I have an audio file say myfile.wav
I trained a neural network based on fft features, and it is giving pretty good results for detecting particular classes of sounds.
I want to expand above experiment to include more sophisthicated features like MFCC along with simpler features like RMSEnergy and so on.
I can compute mfcc as follows:
import librosa y, sr = librosa.load('myfile.wav') mfcc=librosa.feature.mfcc(y=y, sr=sr) print mfcc.shape (20,5911)
Similarly I can compute rmse as follows:
myrmse = librosa.feature.mfcc(y=y) print myrmse.shape (1,5911)
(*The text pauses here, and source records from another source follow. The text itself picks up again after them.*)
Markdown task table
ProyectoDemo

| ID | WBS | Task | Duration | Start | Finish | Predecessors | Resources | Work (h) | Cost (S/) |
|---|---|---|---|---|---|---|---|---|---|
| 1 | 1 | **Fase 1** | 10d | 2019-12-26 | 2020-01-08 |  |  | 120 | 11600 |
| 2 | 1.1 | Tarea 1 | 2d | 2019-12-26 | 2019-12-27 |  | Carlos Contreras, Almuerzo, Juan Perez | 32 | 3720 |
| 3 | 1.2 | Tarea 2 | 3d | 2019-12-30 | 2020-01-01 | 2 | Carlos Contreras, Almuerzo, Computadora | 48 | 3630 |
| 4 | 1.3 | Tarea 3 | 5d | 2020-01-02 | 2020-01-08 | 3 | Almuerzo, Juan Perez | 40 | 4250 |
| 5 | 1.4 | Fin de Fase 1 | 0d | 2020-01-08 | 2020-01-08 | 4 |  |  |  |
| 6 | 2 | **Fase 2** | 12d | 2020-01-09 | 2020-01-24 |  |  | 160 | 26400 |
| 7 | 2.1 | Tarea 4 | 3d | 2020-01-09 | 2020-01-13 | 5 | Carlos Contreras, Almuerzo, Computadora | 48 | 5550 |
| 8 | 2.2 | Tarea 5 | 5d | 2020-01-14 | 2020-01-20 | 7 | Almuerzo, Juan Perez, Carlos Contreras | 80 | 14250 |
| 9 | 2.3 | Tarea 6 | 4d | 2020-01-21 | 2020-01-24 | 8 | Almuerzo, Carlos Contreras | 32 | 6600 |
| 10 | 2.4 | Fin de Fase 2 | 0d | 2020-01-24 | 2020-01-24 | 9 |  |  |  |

Q1. Is it valid if I transpose mfcc and the myrsme and combine the two using numpy.hstack ?
t = mfcc.transpose() t2 = myrmse.transpose()
So that I now have two arrays : one of size (5911,20) and another of size (5911,1) and
t3 = numpy.hstack((t,t2))
If above operation is valid, how do I append more features to t3 , Ex: SNR , FFT and other audio features.
I'm particularly interested in combining fft with mfcc.
END GOAL My plan is to have feature data like this :
feat_1 feat_2 ...feat_20 rmse feat_21 ...feat_n label val val val val val val x val val val val val val x val val val val val val y val val val
feat_1 .. feat_20 are mfcc related features.
rmse is rms energy from librosa
feat_21 could be some other thing like fft or SNR.
I want to train a ANN and see which combination of features work best for detecting a particular class of sound. And conclude if mfcc's / fft's alone is sufficient for achieving this.
If this is not the right forum kindly direct me to the correct place.